What you need to do:
Search the material below for lines containing the string "highlights", and copy every one you find.

Given information:

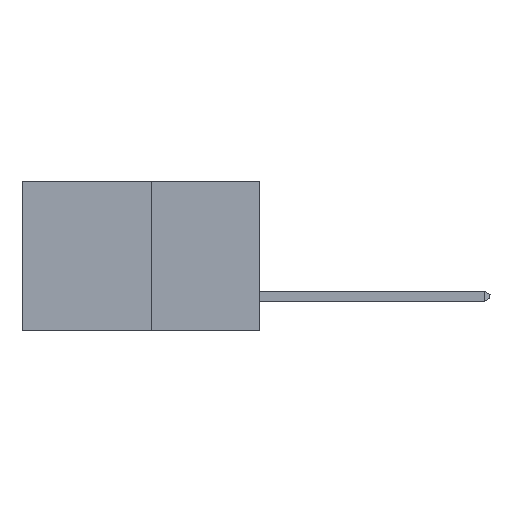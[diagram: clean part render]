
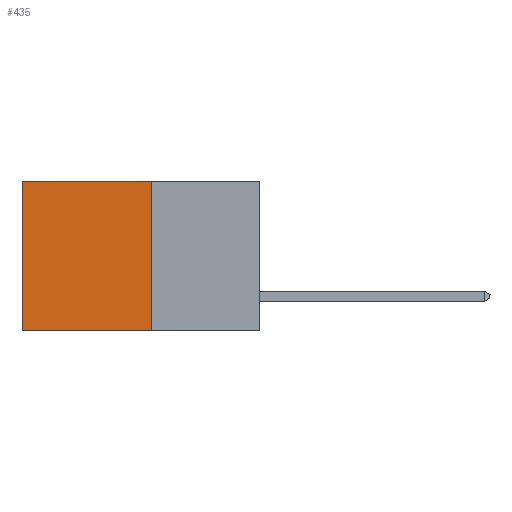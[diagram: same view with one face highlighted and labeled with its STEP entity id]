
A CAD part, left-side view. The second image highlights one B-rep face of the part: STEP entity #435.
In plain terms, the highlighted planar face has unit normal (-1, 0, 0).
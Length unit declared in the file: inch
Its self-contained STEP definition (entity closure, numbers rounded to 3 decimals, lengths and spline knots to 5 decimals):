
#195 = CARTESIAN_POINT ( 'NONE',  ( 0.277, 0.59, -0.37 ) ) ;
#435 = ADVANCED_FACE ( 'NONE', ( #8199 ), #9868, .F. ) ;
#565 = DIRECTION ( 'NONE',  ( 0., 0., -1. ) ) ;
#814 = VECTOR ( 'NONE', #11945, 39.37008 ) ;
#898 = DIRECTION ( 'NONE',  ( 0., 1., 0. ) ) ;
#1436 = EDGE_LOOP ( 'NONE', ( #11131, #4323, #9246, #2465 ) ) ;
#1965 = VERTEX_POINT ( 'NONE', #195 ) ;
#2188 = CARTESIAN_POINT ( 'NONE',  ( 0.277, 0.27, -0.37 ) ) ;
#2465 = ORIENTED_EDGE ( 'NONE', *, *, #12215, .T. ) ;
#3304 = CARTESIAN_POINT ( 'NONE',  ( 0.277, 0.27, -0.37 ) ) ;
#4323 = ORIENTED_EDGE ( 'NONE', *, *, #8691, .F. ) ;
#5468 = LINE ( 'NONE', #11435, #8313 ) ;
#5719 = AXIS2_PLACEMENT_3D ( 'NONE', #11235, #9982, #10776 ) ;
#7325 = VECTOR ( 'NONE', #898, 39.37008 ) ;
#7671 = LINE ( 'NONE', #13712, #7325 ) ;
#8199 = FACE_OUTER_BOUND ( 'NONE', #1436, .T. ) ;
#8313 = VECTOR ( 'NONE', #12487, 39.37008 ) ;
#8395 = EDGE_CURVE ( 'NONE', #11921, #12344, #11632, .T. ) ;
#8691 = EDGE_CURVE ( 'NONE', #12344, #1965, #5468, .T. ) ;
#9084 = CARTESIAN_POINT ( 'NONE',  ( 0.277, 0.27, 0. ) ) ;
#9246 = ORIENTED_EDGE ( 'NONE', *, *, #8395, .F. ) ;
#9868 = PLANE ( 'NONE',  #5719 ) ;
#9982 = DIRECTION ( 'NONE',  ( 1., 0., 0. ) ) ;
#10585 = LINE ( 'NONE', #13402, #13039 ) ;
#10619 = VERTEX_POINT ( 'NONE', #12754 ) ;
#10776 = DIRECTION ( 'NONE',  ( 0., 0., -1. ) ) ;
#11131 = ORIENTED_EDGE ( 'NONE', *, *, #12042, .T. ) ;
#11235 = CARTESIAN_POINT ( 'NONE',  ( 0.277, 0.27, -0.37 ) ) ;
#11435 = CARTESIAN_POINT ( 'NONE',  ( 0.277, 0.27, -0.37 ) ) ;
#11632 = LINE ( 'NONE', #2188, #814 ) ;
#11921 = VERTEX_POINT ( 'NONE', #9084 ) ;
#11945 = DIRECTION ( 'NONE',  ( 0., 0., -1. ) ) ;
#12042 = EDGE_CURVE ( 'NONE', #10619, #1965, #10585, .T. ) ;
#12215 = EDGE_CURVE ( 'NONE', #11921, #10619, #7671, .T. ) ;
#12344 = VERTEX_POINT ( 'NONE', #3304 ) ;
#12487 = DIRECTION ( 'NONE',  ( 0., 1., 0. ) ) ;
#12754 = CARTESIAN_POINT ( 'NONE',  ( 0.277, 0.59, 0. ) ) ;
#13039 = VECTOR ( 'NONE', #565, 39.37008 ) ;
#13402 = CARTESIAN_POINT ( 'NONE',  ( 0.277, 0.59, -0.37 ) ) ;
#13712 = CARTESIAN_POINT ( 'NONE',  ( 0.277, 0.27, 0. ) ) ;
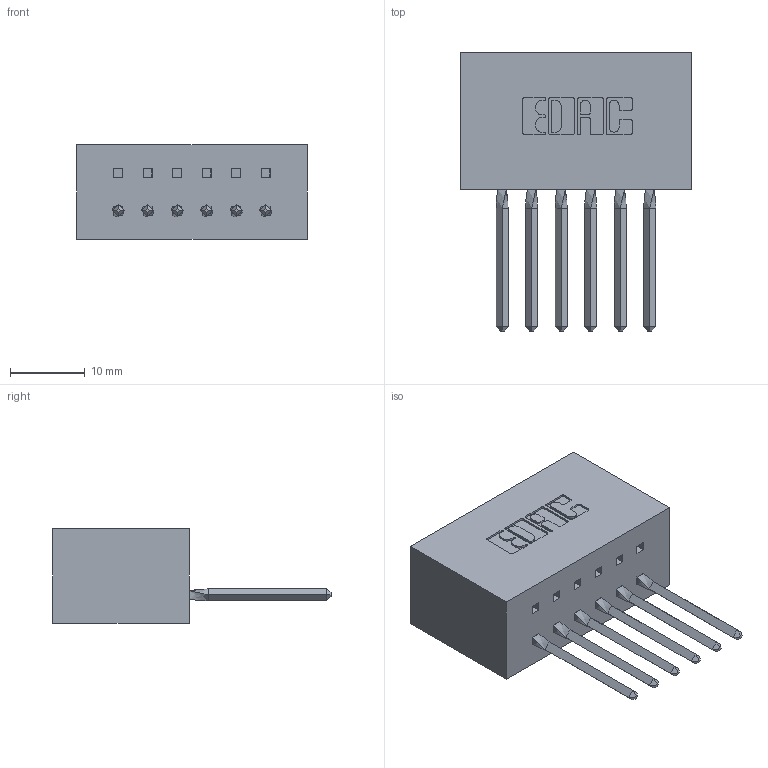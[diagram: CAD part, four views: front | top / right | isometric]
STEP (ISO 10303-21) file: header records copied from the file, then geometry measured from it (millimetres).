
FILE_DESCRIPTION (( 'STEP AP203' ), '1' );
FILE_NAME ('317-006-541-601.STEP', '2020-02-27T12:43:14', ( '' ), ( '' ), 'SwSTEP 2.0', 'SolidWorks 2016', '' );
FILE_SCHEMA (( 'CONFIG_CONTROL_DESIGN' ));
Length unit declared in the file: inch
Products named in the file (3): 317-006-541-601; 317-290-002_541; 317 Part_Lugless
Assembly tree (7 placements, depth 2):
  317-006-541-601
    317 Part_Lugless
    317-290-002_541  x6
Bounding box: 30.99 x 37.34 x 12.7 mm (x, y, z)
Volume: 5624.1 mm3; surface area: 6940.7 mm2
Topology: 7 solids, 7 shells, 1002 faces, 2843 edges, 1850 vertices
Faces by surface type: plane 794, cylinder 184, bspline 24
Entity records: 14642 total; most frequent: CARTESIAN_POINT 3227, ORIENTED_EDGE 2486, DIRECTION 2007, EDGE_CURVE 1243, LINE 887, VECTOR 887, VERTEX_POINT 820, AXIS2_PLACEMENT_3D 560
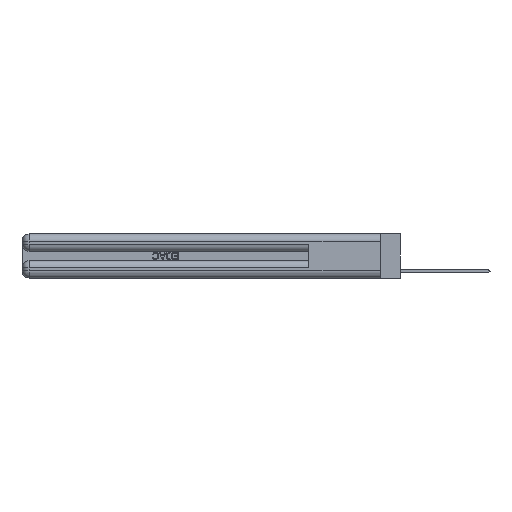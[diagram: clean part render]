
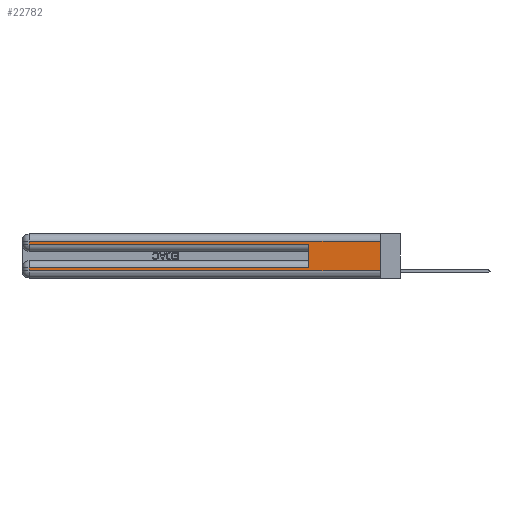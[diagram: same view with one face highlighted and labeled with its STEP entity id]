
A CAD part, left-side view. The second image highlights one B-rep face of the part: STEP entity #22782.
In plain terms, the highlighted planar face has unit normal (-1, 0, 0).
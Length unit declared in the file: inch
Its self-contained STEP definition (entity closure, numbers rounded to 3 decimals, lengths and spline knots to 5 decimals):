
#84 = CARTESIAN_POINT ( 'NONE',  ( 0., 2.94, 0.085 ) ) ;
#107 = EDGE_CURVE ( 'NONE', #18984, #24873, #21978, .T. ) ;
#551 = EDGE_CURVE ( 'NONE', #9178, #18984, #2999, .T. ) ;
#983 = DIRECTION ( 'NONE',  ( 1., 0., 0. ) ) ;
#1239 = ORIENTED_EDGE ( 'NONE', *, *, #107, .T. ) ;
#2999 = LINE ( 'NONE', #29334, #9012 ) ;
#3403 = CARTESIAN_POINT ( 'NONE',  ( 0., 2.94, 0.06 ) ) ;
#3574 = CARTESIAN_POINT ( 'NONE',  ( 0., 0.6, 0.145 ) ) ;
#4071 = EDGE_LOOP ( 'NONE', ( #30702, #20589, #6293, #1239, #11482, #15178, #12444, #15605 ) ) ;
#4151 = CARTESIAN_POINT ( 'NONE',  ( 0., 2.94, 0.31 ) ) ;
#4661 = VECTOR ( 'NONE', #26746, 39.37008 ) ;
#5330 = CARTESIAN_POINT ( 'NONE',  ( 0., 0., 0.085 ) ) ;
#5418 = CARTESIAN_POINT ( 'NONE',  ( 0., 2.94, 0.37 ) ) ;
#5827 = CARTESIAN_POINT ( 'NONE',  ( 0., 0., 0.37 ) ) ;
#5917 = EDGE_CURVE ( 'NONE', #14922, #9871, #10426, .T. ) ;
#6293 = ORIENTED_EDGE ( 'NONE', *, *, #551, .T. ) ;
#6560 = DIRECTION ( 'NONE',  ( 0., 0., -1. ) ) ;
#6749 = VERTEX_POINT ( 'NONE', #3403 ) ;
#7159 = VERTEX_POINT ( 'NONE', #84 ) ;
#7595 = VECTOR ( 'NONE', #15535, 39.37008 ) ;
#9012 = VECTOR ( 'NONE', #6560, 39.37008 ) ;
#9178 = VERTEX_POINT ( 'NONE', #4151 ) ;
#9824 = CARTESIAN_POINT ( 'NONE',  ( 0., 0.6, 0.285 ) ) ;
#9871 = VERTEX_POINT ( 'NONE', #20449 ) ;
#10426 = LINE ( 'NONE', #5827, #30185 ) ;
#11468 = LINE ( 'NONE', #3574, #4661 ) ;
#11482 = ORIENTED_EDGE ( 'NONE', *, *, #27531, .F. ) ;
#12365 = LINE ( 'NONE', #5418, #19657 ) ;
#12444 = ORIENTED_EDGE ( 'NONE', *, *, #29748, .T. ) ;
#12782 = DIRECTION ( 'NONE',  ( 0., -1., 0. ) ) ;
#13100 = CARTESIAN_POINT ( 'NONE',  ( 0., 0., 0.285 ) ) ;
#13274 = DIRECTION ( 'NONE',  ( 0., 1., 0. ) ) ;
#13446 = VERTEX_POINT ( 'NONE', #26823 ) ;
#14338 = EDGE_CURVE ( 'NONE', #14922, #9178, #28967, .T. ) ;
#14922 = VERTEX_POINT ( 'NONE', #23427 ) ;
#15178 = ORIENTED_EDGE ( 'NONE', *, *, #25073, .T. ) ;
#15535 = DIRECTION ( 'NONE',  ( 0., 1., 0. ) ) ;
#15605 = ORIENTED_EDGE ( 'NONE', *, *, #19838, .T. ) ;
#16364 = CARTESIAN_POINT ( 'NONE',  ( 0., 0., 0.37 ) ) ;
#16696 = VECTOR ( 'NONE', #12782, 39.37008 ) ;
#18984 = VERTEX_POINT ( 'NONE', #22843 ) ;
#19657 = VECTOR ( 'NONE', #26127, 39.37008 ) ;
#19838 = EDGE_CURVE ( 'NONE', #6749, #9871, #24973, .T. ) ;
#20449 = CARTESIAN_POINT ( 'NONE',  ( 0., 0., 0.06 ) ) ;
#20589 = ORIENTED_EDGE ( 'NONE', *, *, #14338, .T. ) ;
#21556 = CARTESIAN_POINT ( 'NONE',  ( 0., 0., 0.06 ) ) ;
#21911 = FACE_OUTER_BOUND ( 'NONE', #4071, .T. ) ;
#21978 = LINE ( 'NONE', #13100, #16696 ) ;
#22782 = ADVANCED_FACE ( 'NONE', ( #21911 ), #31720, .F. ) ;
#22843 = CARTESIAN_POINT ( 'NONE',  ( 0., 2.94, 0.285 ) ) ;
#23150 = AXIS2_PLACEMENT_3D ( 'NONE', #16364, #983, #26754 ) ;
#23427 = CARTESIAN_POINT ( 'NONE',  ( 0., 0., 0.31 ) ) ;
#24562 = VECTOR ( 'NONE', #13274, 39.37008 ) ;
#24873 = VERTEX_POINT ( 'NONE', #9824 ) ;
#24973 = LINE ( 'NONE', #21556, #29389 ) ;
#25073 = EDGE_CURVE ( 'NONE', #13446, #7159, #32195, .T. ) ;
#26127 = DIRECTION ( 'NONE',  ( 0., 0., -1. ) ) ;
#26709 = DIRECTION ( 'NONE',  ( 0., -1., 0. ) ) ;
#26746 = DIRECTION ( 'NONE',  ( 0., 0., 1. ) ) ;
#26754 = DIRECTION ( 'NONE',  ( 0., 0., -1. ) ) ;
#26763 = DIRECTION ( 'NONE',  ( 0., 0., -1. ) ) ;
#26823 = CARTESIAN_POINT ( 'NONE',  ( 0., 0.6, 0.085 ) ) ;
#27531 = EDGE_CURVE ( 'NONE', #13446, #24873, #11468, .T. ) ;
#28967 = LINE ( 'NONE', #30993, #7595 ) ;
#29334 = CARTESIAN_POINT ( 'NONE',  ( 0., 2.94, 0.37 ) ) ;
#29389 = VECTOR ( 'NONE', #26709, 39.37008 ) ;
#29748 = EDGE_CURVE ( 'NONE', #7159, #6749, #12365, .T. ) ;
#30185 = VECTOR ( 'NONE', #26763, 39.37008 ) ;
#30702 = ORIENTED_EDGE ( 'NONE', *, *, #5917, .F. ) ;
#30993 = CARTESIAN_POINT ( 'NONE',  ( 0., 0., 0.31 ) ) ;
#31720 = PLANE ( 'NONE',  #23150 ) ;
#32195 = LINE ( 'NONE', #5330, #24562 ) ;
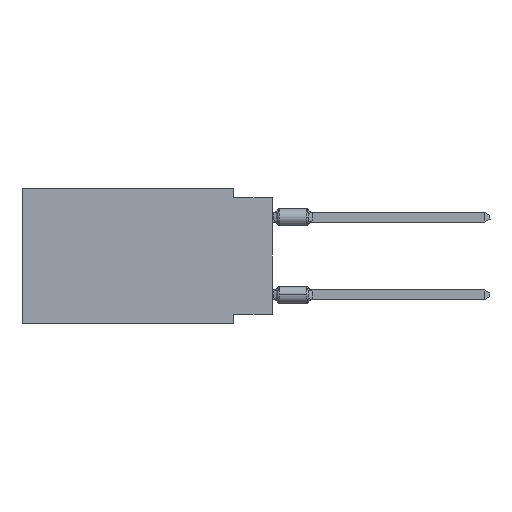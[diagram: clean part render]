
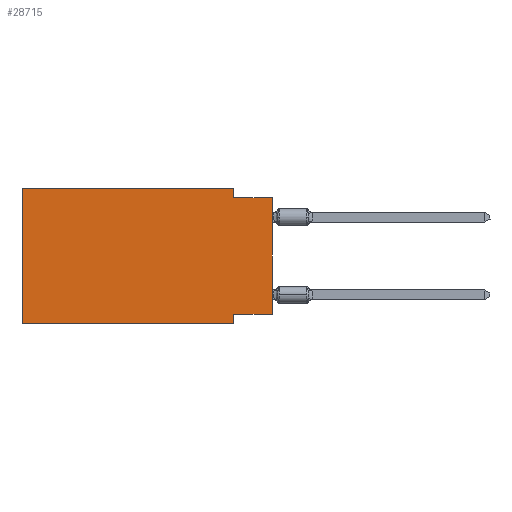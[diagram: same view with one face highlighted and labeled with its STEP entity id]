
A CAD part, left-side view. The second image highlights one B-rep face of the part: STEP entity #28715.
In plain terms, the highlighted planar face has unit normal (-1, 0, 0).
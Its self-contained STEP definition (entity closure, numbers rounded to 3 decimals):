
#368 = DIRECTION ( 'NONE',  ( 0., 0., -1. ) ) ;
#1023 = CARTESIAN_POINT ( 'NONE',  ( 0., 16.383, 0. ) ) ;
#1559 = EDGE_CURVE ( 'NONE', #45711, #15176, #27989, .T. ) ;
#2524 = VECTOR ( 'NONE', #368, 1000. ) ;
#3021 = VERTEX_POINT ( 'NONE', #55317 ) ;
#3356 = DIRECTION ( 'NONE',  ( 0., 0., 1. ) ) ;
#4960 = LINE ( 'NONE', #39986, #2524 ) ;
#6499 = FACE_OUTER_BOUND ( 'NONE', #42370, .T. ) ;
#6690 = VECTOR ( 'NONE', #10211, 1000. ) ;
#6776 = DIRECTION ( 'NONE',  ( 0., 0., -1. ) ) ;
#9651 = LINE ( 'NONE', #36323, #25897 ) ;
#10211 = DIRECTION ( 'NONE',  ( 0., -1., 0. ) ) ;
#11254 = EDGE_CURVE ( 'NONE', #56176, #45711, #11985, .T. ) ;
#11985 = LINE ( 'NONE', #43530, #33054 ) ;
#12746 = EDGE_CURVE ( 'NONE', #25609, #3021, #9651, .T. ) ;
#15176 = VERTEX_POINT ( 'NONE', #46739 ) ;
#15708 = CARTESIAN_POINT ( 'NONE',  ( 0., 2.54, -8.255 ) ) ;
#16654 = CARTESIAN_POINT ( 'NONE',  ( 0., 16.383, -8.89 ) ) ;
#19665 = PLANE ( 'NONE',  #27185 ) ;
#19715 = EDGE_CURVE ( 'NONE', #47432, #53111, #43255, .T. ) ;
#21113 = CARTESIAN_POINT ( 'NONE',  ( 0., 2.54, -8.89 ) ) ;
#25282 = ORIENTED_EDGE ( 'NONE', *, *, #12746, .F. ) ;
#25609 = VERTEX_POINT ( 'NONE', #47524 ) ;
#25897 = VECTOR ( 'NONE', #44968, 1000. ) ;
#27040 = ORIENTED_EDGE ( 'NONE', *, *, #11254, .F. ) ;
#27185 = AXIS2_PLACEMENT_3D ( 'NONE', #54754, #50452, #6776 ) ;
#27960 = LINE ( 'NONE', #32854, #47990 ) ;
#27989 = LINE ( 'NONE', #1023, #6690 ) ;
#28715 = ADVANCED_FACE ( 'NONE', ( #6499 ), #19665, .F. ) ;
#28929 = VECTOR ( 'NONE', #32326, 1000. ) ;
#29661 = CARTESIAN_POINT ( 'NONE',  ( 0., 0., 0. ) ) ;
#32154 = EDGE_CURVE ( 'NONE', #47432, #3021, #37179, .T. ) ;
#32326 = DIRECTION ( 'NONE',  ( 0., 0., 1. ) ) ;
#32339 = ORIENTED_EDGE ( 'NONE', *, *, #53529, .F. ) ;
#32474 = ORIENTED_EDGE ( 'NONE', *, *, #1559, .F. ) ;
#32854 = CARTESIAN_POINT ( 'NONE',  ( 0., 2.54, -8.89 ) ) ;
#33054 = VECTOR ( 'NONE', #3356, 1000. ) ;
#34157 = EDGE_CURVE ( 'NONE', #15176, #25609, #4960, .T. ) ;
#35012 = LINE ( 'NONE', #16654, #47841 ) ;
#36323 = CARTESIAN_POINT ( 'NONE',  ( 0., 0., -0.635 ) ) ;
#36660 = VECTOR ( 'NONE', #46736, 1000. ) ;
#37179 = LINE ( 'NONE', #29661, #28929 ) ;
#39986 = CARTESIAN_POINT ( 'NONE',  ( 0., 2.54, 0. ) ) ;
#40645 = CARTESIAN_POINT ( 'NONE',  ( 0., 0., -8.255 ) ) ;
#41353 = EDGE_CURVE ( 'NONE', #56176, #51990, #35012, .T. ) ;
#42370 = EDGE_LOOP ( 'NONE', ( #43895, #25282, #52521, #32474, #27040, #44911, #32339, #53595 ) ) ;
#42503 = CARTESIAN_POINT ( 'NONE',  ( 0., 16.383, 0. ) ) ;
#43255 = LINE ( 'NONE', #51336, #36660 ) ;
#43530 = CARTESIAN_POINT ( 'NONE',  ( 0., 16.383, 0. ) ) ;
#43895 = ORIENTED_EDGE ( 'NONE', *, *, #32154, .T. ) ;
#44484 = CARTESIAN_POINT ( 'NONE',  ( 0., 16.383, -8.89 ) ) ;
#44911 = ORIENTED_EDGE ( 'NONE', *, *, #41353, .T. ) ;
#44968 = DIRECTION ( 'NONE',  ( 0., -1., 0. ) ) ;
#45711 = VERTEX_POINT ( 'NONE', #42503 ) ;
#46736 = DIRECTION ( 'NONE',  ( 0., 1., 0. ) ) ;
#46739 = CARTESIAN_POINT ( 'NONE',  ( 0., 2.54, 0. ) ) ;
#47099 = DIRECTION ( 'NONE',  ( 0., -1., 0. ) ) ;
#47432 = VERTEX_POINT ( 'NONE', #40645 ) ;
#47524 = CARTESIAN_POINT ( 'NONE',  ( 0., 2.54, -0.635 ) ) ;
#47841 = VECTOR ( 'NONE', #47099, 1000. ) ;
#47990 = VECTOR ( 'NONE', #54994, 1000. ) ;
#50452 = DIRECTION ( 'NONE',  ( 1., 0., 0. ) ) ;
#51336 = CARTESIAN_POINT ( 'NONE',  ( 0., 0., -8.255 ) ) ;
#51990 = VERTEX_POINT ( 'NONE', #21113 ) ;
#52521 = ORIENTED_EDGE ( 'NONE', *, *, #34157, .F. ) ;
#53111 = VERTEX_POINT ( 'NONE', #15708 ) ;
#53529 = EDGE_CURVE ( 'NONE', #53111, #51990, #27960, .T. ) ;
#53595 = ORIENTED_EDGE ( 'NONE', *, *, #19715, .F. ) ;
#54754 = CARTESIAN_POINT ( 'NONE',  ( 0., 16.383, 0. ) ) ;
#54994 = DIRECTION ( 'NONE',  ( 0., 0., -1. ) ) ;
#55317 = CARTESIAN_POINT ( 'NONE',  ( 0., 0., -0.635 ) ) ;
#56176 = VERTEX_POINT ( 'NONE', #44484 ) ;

Written answer:
A CAD part, left-side view. The second image highlights one B-rep face of the part: STEP entity #435.
A CAD part, left-side view. The second image highlights one B-rep face of the part: STEP entity #22782.
A CAD part, left-side view. The second image highlights one B-rep face of the part: STEP entity #28715.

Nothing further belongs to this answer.